**Problem**
Output all entries verbatim. Skip pictures.

**Records drawn from a dataset**
***
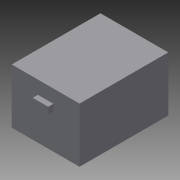
# Autodesk Inventor part: s0.57A 10V Diode
Saved by Autodesk Inventor 2015 (Build 190159000, 159)
## iProperties
Created: 2016-01-19
Part Number: s0.57A 10V Diode
Material: Generic
Document SubType Name: Modeling
Designer: Kyle
Density: 1 g/cm^3
Appearance: Default
Author: Kyle
Autodesk Inventor part; units mm, degrees
ref_plane "YZ Plane" through (0, 0, 0) normal (1, 0, 0) x (0, 1, 0)
ref_plane "XZ Plane" through (0, 0, 0) normal (0, 1, 0) x (-1, 0, 0)
ref_plane "XY Plane" through (0, 0, 0) normal (0, 0, 1) x (1, 0, 0)
sketch "Sketch1" plane through (0, 0, 0) normal (0, 0, 1) x (1, 0, 0)
  line L0 (0, 0) -> (1.3005, 0)
  line L1 (1.3005, 0) -> (1.3005, 1.049)
  line L2 (1.3005, 1.049) -> (0, 1.049)
  line L3 (0, 1.049) -> (0, 0)
  dimension "d0" = 1.049
  dimension "d1" = 1.3005
  constraints: 8 end point, 2 parallel, 1 horizontal, 1 perpendicular
  measures "d0" distance of L0.end L1.end
  measures "d1" distance of L1.end L2.end
extrude "Extrusion1" add sketch "Sketch1" along normal blind 1.7018
sketch "Sketch2" plane through (0, 0, 1.7018) normal (0, 0, 1) x (1, 0, 0)
  line L0 (0.5004, 0.795) -> (0.8001, 0.795)
  line L1 (0.8001, 0.795) -> (0.8001, 0.6706)
  line L2 (0.8001, 0.6706) -> (0.5004, 0.6706)
  line L3 (0.5004, 0.6706) -> (0.5004, 0.795)
  line L4 (0, 1.049) -> (0, 0) projected
  line L5 (1.3005, 1.049) -> (0, 1.049) projected
  dimension "d4" = 0.2997
  dimension "d5" = 0.5004
  dimension "d6" = 0.254
  dimension "d7" = 0.1245
  constraints: 8 end point, 2 parallel, 1 horizontal, 1 perpendicular
  measures "d4" distance of L0.start L0.end
  measures "d5" distance between parallel lines of L4 L3
  measures "d6" distance between parallel lines of L5 L0
  measures "d7" distance between parallel lines of L0 L2
extrude "Extrusion2" add sketch "Sketch2" against normal blind 1.8009
extrude "Extrusion3" add sketch "Sketch2" along normal blind 0.0991
body "Solid1"
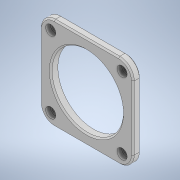
# Autodesk Inventor part: StageInsert_FoilHolder_Part1
Saved by Autodesk Inventor 2026 (Build 300175050, 175E)
## iProperties
Created: 2024-11-14
Part Number: StageInsert_FoilHolder_Part1
Material: Generisch
Document SubType Name: Modeling
Designer: neuhau0004
Density: 1 g/cm^3
Appearance: Vorgabe
Author: neuhau0004
Autodesk Inventor part; units mm, degrees
ref_plane "YZ Plane" through (0, 0, 0) normal (1, 0, 0) x (0, 1, 0)
ref_plane "XZ Plane" through (0, 0, 0) normal (0, 1, 0) x (-1, 0, 0)
ref_plane "XY Plane" through (0, 0, 0) normal (0, 0, 1) x (1, 0, 0)
sketch "Skizze1" plane through (0, 0, 0) normal (0, 0, 1) x (1, 0, 0)
  circle A0 centre (0, 0) radius 25
  line L0 (-32.5, 32.5) -> (32.5, 32.5)
  line L1 (32.5, 22.5) -> (32.5, -22.5)
  line L2 (22.5, -32.5) -> (-22.5, -32.5)
  line L3 (-32.5, -22.5) -> (-32.5, 22.5)
  line L4 (-32.5, 32.5) -> (32.5, -32.5) construction
  line L5 (32.5, 32.5) -> (-32.5, -32.5) construction
  circle A1 centre (-25, 25) radius 2.1
  circle A2 centre (25, 25) radius 2.1
  circle A3 centre (-25, -25) radius 2.1
  circle A4 centre (25, -25) radius 2.1
  line L6 (-22.5, 32.5) -> (22.5, 32.5)
  line L7 (32.5, -32.5) -> (-32.5, -32.5)
  line L8 (-32.5, -32.5) -> (-32.5, 32.5)
  line L9 (32.5, 32.5) -> (32.5, -32.5)
  arc A5 (-22.5, 32.5) -> (-32.5, 22.5) centre (-22.5, 22.5) ccw
  arc A6 (-32.5, -22.5) -> (-22.5, -32.5) centre (-22.5, -22.5) ccw
  arc A7 (22.5, -32.5) -> (32.5, -22.5) centre (22.5, -22.5) ccw
  arc A8 (32.5, 22.5) -> (22.5, 32.5) centre (22.5, 22.5) ccw
  dimension "d0" = 50
  dimension "d1" = 65
  dimension "d2" = 65
  dimension "d5" = 25
  dimension "d6" = 25
  dimension "d7" = 4.2
  dimension "d10" = 50
  dimension "d13" = 50
  dimension "d16" = 10
  constraints: 20 end point, 9 centre point, 9 point on line, 8 point on circle, 8 tangent, 3 equal radius, 3 perpendicular, 2 coincident, 2 horizontal, 2 midpoint, 2 parallel, 1 collinear, 1 vertical, 6 other
  measures "d0" diameter of A0
  measures "d1" distance of L4.end L5.end
  measures "d2" distance of L0.end L4.end
  measures "d5" horizontal distance of point (0, 0) point (-25, 25)
  measures "d6" horizontal distance of point (0, 0) point (-25, 25)
  measures "d7" diameter of A1
  measures "d10" distance of A1.centre A2.centre
  measures "d13" distance of A1.centre A3.centre
  measures "d16" radius of A5
extrude "Extrusion1" add sketch "Skizze1" along normal blind 5 contours L0 A8 L1 A7 L2 A6 L3 A5
sketch "Skizze2" plane through (0, 0, 5) normal (0, 0, 1) x (1, 0, 0)
  circle A0 centre (-25, 25) radius 2.1 projected
  circle A1 centre (-25, 25) radius 3.525
  circle A2 centre (25, 25) radius 2.1 projected
  circle A3 centre (25, 25) radius 3.525
  circle A4 centre (-25, -25) radius 2.1 projected
  circle A5 centre (-25, -25) radius 3.525
  circle A6 centre (25, -25) radius 2.1 projected
  circle A7 centre (25, -25) radius 3.525
  point P0 (0, 0)
  dimension "d17" = 7.05
  dimension "d18" = 7.05
  dimension "d19" = 7.05
  dimension "d20" = 7.05
  constraints: 4 centre point, 4 coincident
  measures "d17" diameter of A1
  measures "d18" diameter of A3
  measures "d19" diameter of A5
  measures "d20" diameter of A7
extrude "Extrusion2" cut sketch "Skizze2" against normal blind 3.2
chamfer "Fase1" distance 1 angle 45 9 edges at (-25, 0, 5) (0, -32.5, 5) (29.5711, -29.5711, 5) (32.5, 0, 5) (29.5711, 29.5711, 5) (0, 32.5, 5) (-29.5711, 29.5711, 5) (-32.5, 0, 5) (-29.5711, -29.5711, 5)
chamfer "Fase2" distance 0.5 angle 45 8 edges at (0, 32.5, 0) (-29.5711, 29.5711, 0) (-32.5, 0, 0) (-29.5711, -29.5711, 0) (0, -32.5, 0) (29.5711, -29.5711, 0) (32.5, 0, 0) (29.5711, 29.5711, 0)
***
**Output of the exercise**
# Autodesk Inventor part: s0.57A 10V Diode
Saved by Autodesk Inventor 2015 (Build 190159000, 159)
## iProperties
Created: 2016-01-19
Part Number: s0.57A 10V Diode
Material: Generic
Document SubType Name: Modeling
Designer: Kyle
Density: 1 g/cm^3
Appearance: Default
Author: Kyle
Autodesk Inventor part; units mm, degrees
ref_plane "YZ Plane" through (0, 0, 0) normal (1, 0, 0) x (0, 1, 0)
ref_plane "XZ Plane" through (0, 0, 0) normal (0, 1, 0) x (-1, 0, 0)
ref_plane "XY Plane" through (0, 0, 0) normal (0, 0, 1) x (1, 0, 0)
sketch "Sketch1" plane through (0, 0, 0) normal (0, 0, 1) x (1, 0, 0)
  line L0 (0, 0) -> (1.3005, 0)
  line L1 (1.3005, 0) -> (1.3005, 1.049)
  line L2 (1.3005, 1.049) -> (0, 1.049)
  line L3 (0, 1.049) -> (0, 0)
  dimension "d0" = 1.049
  dimension "d1" = 1.3005
  constraints: 8 end point, 2 parallel, 1 horizontal, 1 perpendicular
  measures "d0" distance of L0.end L1.end
  measures "d1" distance of L1.end L2.end
extrude "Extrusion1" add sketch "Sketch1" along normal blind 1.7018
sketch "Sketch2" plane through (0, 0, 1.7018) normal (0, 0, 1) x (1, 0, 0)
  line L0 (0.5004, 0.795) -> (0.8001, 0.795)
  line L1 (0.8001, 0.795) -> (0.8001, 0.6706)
  line L2 (0.8001, 0.6706) -> (0.5004, 0.6706)
  line L3 (0.5004, 0.6706) -> (0.5004, 0.795)
  line L4 (0, 1.049) -> (0, 0) projected
  line L5 (1.3005, 1.049) -> (0, 1.049) projected
  dimension "d4" = 0.2997
  dimension "d5" = 0.5004
  dimension "d6" = 0.254
  dimension "d7" = 0.1245
  constraints: 8 end point, 2 parallel, 1 horizontal, 1 perpendicular
  measures "d4" distance of L0.start L0.end
  measures "d5" distance between parallel lines of L4 L3
  measures "d6" distance between parallel lines of L5 L0
  measures "d7" distance between parallel lines of L0 L2
extrude "Extrusion2" add sketch "Sketch2" against normal blind 1.8009
extrude "Extrusion3" add sketch "Sketch2" along normal blind 0.0991
body "Solid1"
# Autodesk Inventor part: StageInsert_FoilHolder_Part1
Saved by Autodesk Inventor 2026 (Build 300175050, 175E)
## iProperties
Created: 2024-11-14
Part Number: StageInsert_FoilHolder_Part1
Material: Generisch
Document SubType Name: Modeling
Designer: neuhau0004
Density: 1 g/cm^3
Appearance: Vorgabe
Author: neuhau0004
Autodesk Inventor part; units mm, degrees
ref_plane "YZ Plane" through (0, 0, 0) normal (1, 0, 0) x (0, 1, 0)
ref_plane "XZ Plane" through (0, 0, 0) normal (0, 1, 0) x (-1, 0, 0)
ref_plane "XY Plane" through (0, 0, 0) normal (0, 0, 1) x (1, 0, 0)
sketch "Skizze1" plane through (0, 0, 0) normal (0, 0, 1) x (1, 0, 0)
  circle A0 centre (0, 0) radius 25
  line L0 (-32.5, 32.5) -> (32.5, 32.5)
  line L1 (32.5, 22.5) -> (32.5, -22.5)
  line L2 (22.5, -32.5) -> (-22.5, -32.5)
  line L3 (-32.5, -22.5) -> (-32.5, 22.5)
  line L4 (-32.5, 32.5) -> (32.5, -32.5) construction
  line L5 (32.5, 32.5) -> (-32.5, -32.5) construction
  circle A1 centre (-25, 25) radius 2.1
  circle A2 centre (25, 25) radius 2.1
  circle A3 centre (-25, -25) radius 2.1
  circle A4 centre (25, -25) radius 2.1
  line L6 (-22.5, 32.5) -> (22.5, 32.5)
  line L7 (32.5, -32.5) -> (-32.5, -32.5)
  line L8 (-32.5, -32.5) -> (-32.5, 32.5)
  line L9 (32.5, 32.5) -> (32.5, -32.5)
  arc A5 (-22.5, 32.5) -> (-32.5, 22.5) centre (-22.5, 22.5) ccw
  arc A6 (-32.5, -22.5) -> (-22.5, -32.5) centre (-22.5, -22.5) ccw
  arc A7 (22.5, -32.5) -> (32.5, -22.5) centre (22.5, -22.5) ccw
  arc A8 (32.5, 22.5) -> (22.5, 32.5) centre (22.5, 22.5) ccw
  dimension "d0" = 50
  dimension "d1" = 65
  dimension "d2" = 65
  dimension "d5" = 25
  dimension "d6" = 25
  dimension "d7" = 4.2
  dimension "d10" = 50
  dimension "d13" = 50
  dimension "d16" = 10
  constraints: 20 end point, 9 centre point, 9 point on line, 8 point on circle, 8 tangent, 3 equal radius, 3 perpendicular, 2 coincident, 2 horizontal, 2 midpoint, 2 parallel, 1 collinear, 1 vertical, 6 other
  measures "d0" diameter of A0
  measures "d1" distance of L4.end L5.end
  measures "d2" distance of L0.end L4.end
  measures "d5" horizontal distance of point (0, 0) point (-25, 25)
  measures "d6" horizontal distance of point (0, 0) point (-25, 25)
  measures "d7" diameter of A1
  measures "d10" distance of A1.centre A2.centre
  measures "d13" distance of A1.centre A3.centre
  measures "d16" radius of A5
extrude "Extrusion1" add sketch "Skizze1" along normal blind 5 contours L0 A8 L1 A7 L2 A6 L3 A5
sketch "Skizze2" plane through (0, 0, 5) normal (0, 0, 1) x (1, 0, 0)
  circle A0 centre (-25, 25) radius 2.1 projected
  circle A1 centre (-25, 25) radius 3.525
  circle A2 centre (25, 25) radius 2.1 projected
  circle A3 centre (25, 25) radius 3.525
  circle A4 centre (-25, -25) radius 2.1 projected
  circle A5 centre (-25, -25) radius 3.525
  circle A6 centre (25, -25) radius 2.1 projected
  circle A7 centre (25, -25) radius 3.525
  point P0 (0, 0)
  dimension "d17" = 7.05
  dimension "d18" = 7.05
  dimension "d19" = 7.05
  dimension "d20" = 7.05
  constraints: 4 centre point, 4 coincident
  measures "d17" diameter of A1
  measures "d18" diameter of A3
  measures "d19" diameter of A5
  measures "d20" diameter of A7
extrude "Extrusion2" cut sketch "Skizze2" against normal blind 3.2
chamfer "Fase1" distance 1 angle 45 9 edges at (-25, 0, 5) (0, -32.5, 5) (29.5711, -29.5711, 5) (32.5, 0, 5) (29.5711, 29.5711, 5) (0, 32.5, 5) (-29.5711, 29.5711, 5) (-32.5, 0, 5) (-29.5711, -29.5711, 5)
chamfer "Fase2" distance 0.5 angle 45 8 edges at (0, 32.5, 0) (-29.5711, 29.5711, 0) (-32.5, 0, 0) (-29.5711, -29.5711, 0) (0, -32.5, 0) (29.5711, -29.5711, 0) (32.5, 0, 0) (29.5711, 29.5711, 0)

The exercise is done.